Using Burst Buffer for Complex Workflows

Typical PDEs based simulation workflows entail the following steps: geometric modelling, meshing, setting up of boundary and initial conditions, solver, possible format change of output files, and post processing i.e. visualization and/or data analysis. Most of the workflows start with a very small data set and the final data that is needed to make scientific discovery is also very small (could be just a picture or a movie). But these workflows do invlove large intermediatery data that is not needed for the final scientific discovery.

Shaheen's DataWARP (burst buffer) is a good candidate for running such workflows. The main motivations are to reduce the data footprint and minimize metadata traffic on the lustre file system.

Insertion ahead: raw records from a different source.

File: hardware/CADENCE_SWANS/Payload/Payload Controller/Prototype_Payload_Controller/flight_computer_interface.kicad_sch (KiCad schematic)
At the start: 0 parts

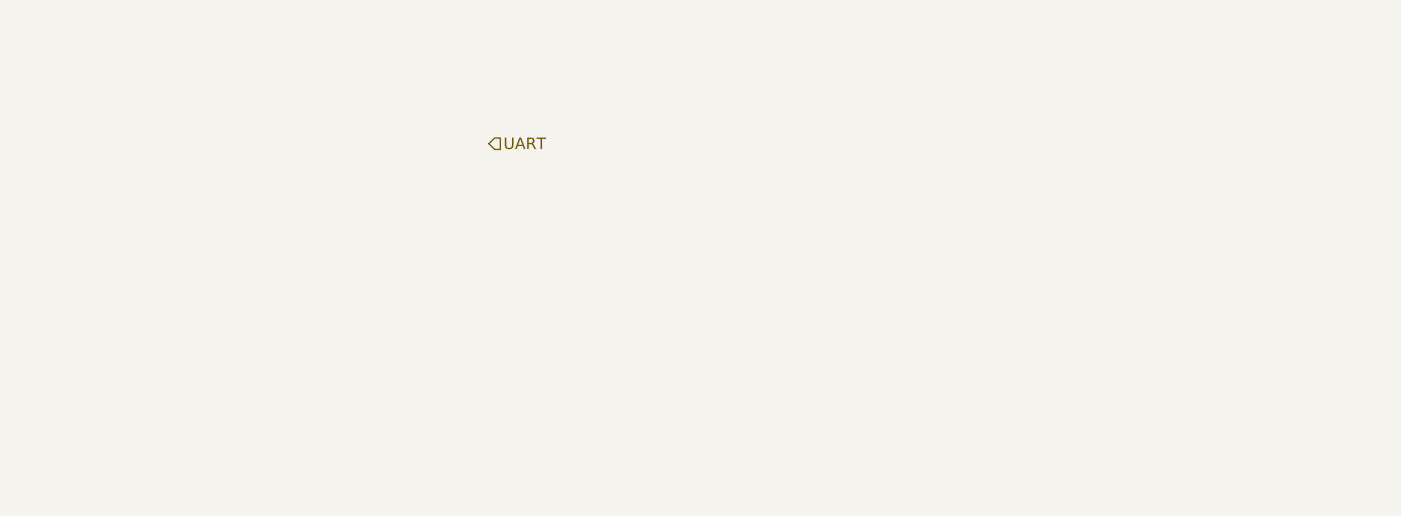
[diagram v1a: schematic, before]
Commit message: added SN65C1668 symbol library and a folder for symbols
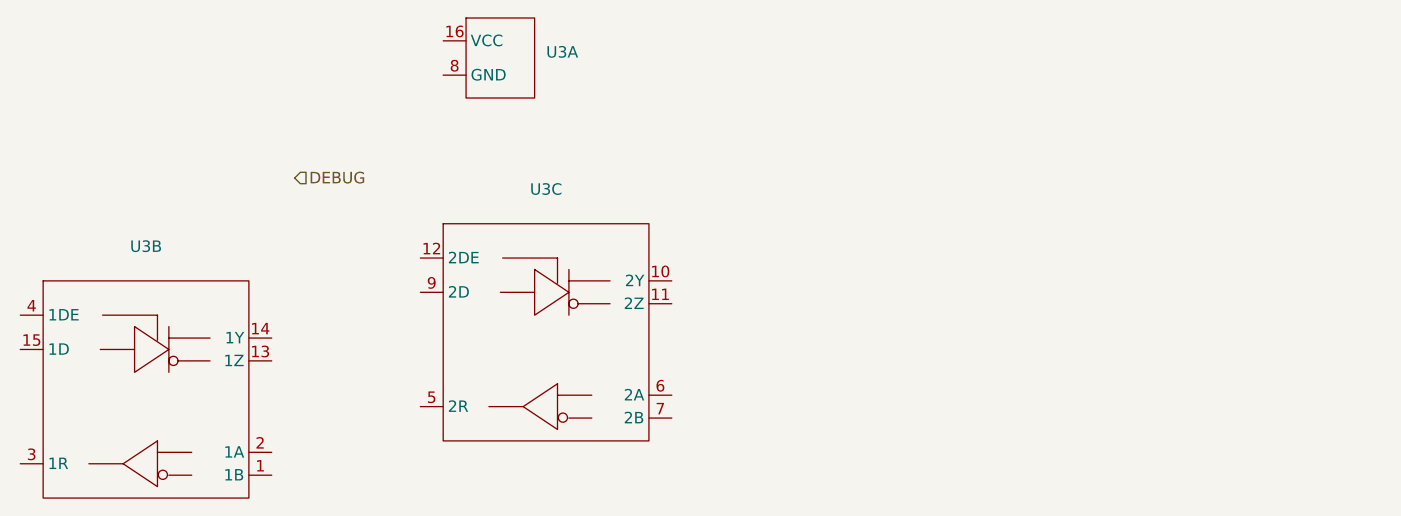
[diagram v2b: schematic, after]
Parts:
- added U3: ~, symbol SN65C1168:SN65C1168

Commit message: updates
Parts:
- removed U3: ~, symbol SN65C1168:SN65C1168

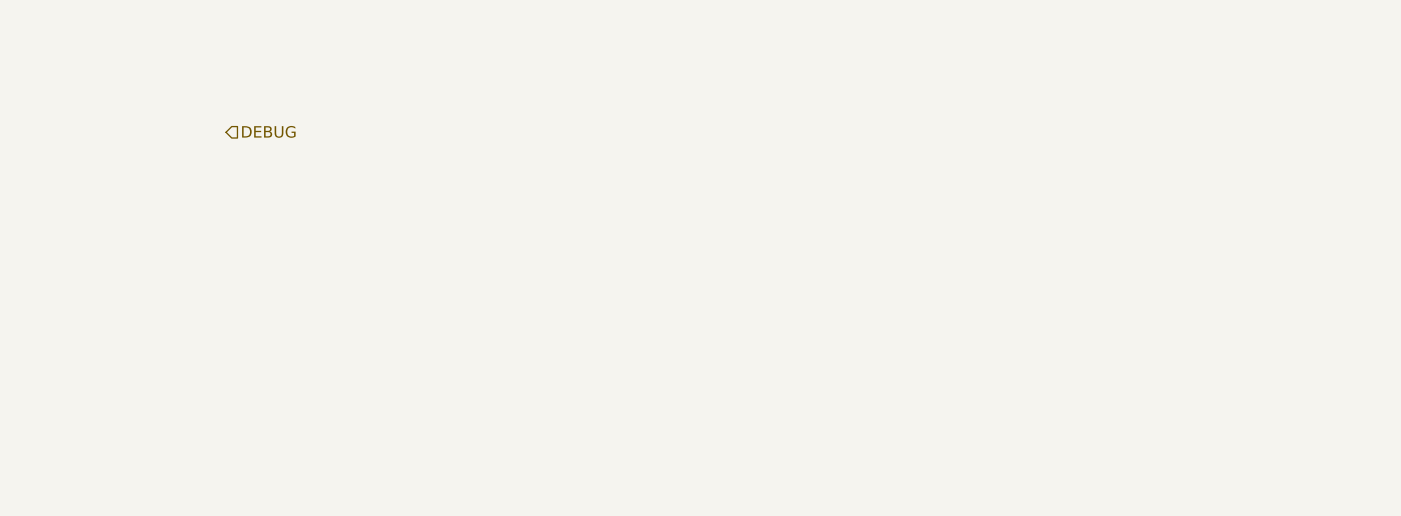
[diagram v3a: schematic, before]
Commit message: updated schematic symbol
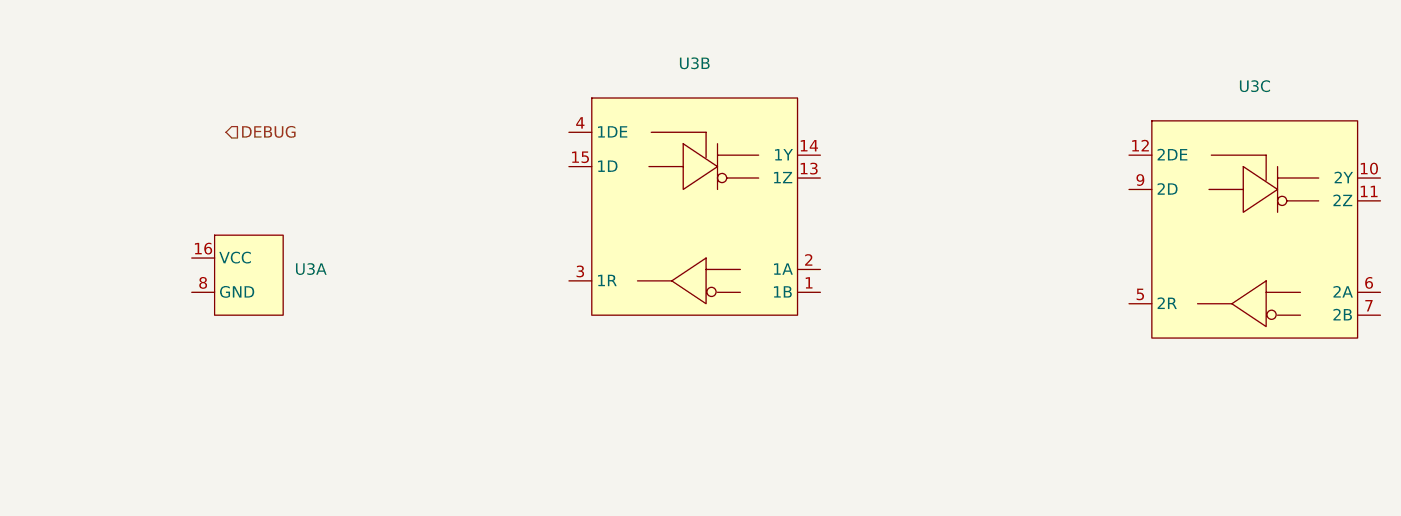
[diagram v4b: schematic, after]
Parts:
- added U3: ~, symbol SN65C1168:SN65C1168
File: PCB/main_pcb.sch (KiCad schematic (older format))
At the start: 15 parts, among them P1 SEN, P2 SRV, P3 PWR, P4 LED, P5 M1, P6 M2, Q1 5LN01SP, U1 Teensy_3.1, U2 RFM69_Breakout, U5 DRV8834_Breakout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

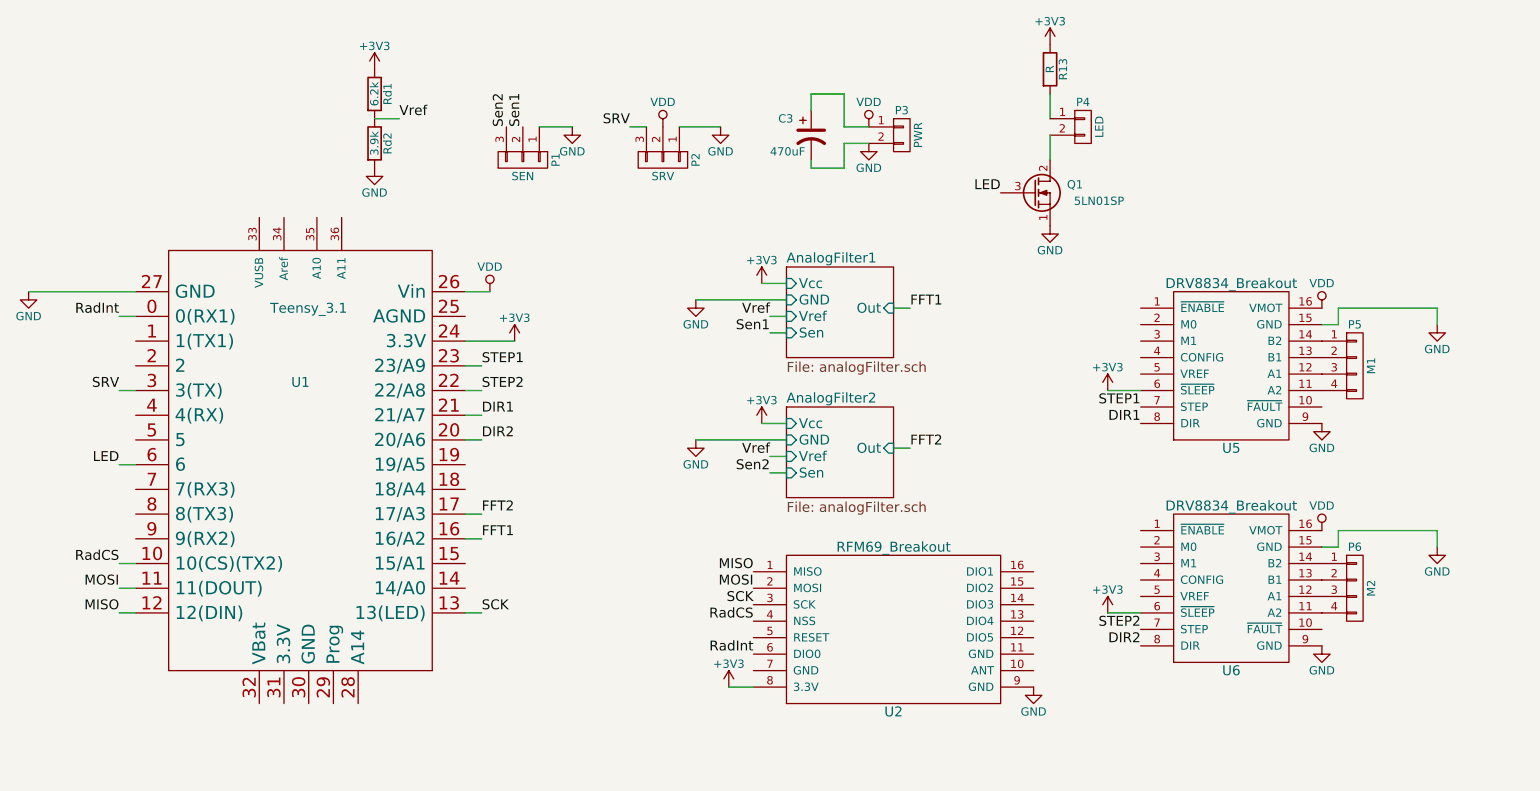
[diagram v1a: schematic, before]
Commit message: Improved simulation, did most of the pcb trace layout
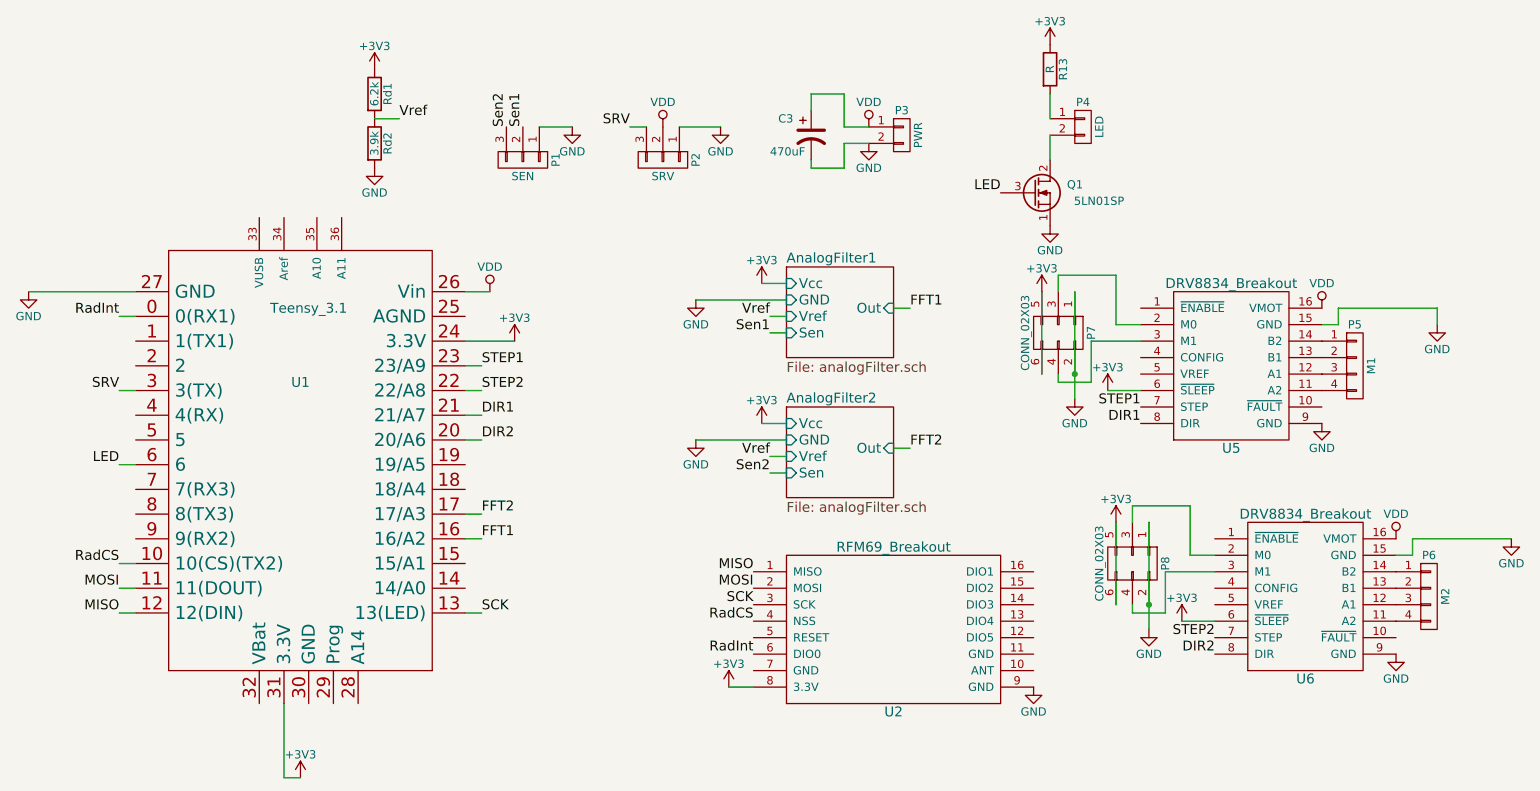
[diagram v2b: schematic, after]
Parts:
- added P7, P8: CONN_02X03, Pin_Headers:Pin_Header_Straight_2x03_Pitch2.54mm, symbol CONN_02X03
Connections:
- net +3V3: now also U1.31 (3.3V), P7.5 (P5), P7.6 (P6), P8.5 (P5), P8.6 (P6)
- net GND: now also P7.1 (P1), P7.2 (P2), P8.1 (P1), P8.2 (P2)
- net at U5.2 (M0): now also P7.3 (P3)
- net at U5.3 (M1): now also P7.4 (P4)
- net at U6.2 (M0): now also P8.3 (P3)
- net at U6.3 (M1): now also P8.4 (P4)
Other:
- moved on the sheet: P6, U6

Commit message: Finished PCB and robot designs
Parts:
- Rd2: value 3.9k -> 1.5k
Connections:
- net GND: now also U2.11 (GND)
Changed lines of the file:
@@
 P 3400 2250
 F 0 "Rd2" V 3480 2250 50  0000 C CNN
-F 1 "3.9k" V 3400 2250 50  0000 C CNN
+F 1 "1.5k" V 3400 2250 50  0000 C CNN
 F 2 "Resistors_ThroughHole:R_Axial_DIN0207_L6.3mm_D2.5mm_P7.62mm_Horizontal" V 3330 2250 50  0001 C CNN
 F 3 "" H 3400 2250 50  0000 C CNN
@@
 Wire Wire Line
 	2850 6100 2850 5650
+$Comp
+L GND #PWR?
+U 1 1 594A8840
+P 7550 5350
+F 0 "#PWR?" H 7550 5100 50  0001 C CNN
+F 1 "GND" H 7550 5200 50  0000 C CNN
+F 2 "" H 7550 5350 50  0000 C CNN
+F 3 "" H 7550 5350 50  0000 C CNN
+	1    7550 5350
+	1    0    0    -1
+$EndComp
+Wire Wire Line
+	7400 5350 7550 5350
 $EndSCHEMATC

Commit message: minor pcb and BOM adjustments
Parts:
- R13: value R -> 10R
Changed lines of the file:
@@
 P 7500 1800
 F 0 "R13" V 7580 1800 50  0000 C CNN
-F 1 "R" V 7500 1800 50  0000 C CNN
+F 1 "10R" V 7500 1800 50  0000 C CNN
 F 2 "Resistors_ThroughHole:R_Axial_DIN0207_L6.3mm_D2.5mm_P7.62mm_Horizontal" V 7430 1800 50  0001 C CNN
 F 3 "" H 7500 1800 50  0000 C CNN
@@
 	2850 6100 2850 5650
 $Comp
-L GND #PWR?
+L GND #PWR032
 U 1 1 594A8840
 P 7550 5350
-F 0 "#PWR?" H 7550 5100 50  0001 C CNN
+F 0 "#PWR032" H 7550 5100 50  0001 C CNN
 F 1 "GND" H 7550 5200 50  0000 C CNN
 F 2 "" H 7550 5350 50  0000 C CNN

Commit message: pcb revisions
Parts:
- added P9: Range, Pin_Headers:Pin_Header_Straight_2x01_Pitch2.54mm, symbol CONN_01X02
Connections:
- net GND: now also P3.1 (P1); no longer P3.2 (P2)
- net RadInt: now also U2.15 (DIO2); no longer U2.6 (DIO0)
- net VDD: now also P3.2 (P2); no longer P3.1 (P1)
- net Reset: now reaches U1.1 (1(TX1))
- net Reset: now also U2.5 (RESET)
- net at U1.18 (18/A4): now also P9.1 (P1)
- net at U1.19 (19/A5): now also P9.2 (P2)
- net at Q1.2 (D): now also P4.1 (P1); no longer P4.2 (P2)
- net at R13.2: now also P4.2 (P2); no longer P4.1 (P1)
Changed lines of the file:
@@
 F 3 "" H 6600 2200 50  0000 C CNN
 	1    6600 2200
-	1    0    0    -1
+	1    0    0    1
 $EndComp
 $Comp
@@
 Text Label 5700 5150 2    60   ~ 0
 RadCS
-Text Label 5700 5350 2    60   ~ 0
+Text Label 7550 4750 2    60   ~ 0
 RadInt
 Text Label 1850 5100 2    60   ~ 0
@@
 F 3 "" H 7700 2150 50  0000 C CNN
 	1    7700 2150
-	1    0    0    -1
+	1    0    0    1
 $EndComp
 $Comp
@@
 Wire Wire Line
 	7400 5350 7550 5350
+Wire Wire Line
+	7550 4750 7550 4950
+Wire Wire Line
+	7550 4950 7400 4950
+Text Label 1850 3450 2    60   ~ 0
+Reset
+Wire Wire Line
+	1850 3450 1950 3450
+Text Label 5700 5250 2    60   ~ 0
+Reset
+$Comp
+L CONN_01X02 P9
+U 1 1 5966E4C1
+P 4600 4250
+F 0 "P9" H 4600 4400 50  0000 C CNN
+F 1 "Range" V 4700 4250 50  0000 C CNN
+F 2 "Pin_Headers:Pin_Header_Straight_2x01_Pitch2.54mm" H 4600 4250 50  0001 C CNN
+F 3 "" H 4600 4250 50  0000 C CNN
+	1    4600 4250
+	1    0    0    1
+$EndComp
+Wire Wire Line
+	4400 4200 3950 4200
+Wire Wire Line
+	3950 4350 4400 4350
+Wire Wire Line
+	4400 4350 4400 4300
 $EndSCHEMATC

A test case can be viewed in /scratch/tmp/openfoam_bb_testcase.tar. You can find a ReadMe file in the folder that provides information about editing the  jobscript and running the test case.

This is a simple 100x100x100 cells laminar flow 3D cavity test case which is designed to demonstrate the value of DataWARP in optimizing the flow of data for complex workflows. The intermediate data only stays temporarily in Burst Buffer memory and the final processed data gets migrated to the lustre file system. This workflow reduces the data footprint and also minimize metadata traffic on the lustre file system.

The ideas from this CFD-based test can be applied to simulations in other domain sciences that involve workflows and temporary intermediate data.

In the next training session (or next month's Tip of the Week), we will demonstrate how to integrate data visualisation in this workflow. This type of workflow design is ideally suited for generating simulation based data for deep learning training.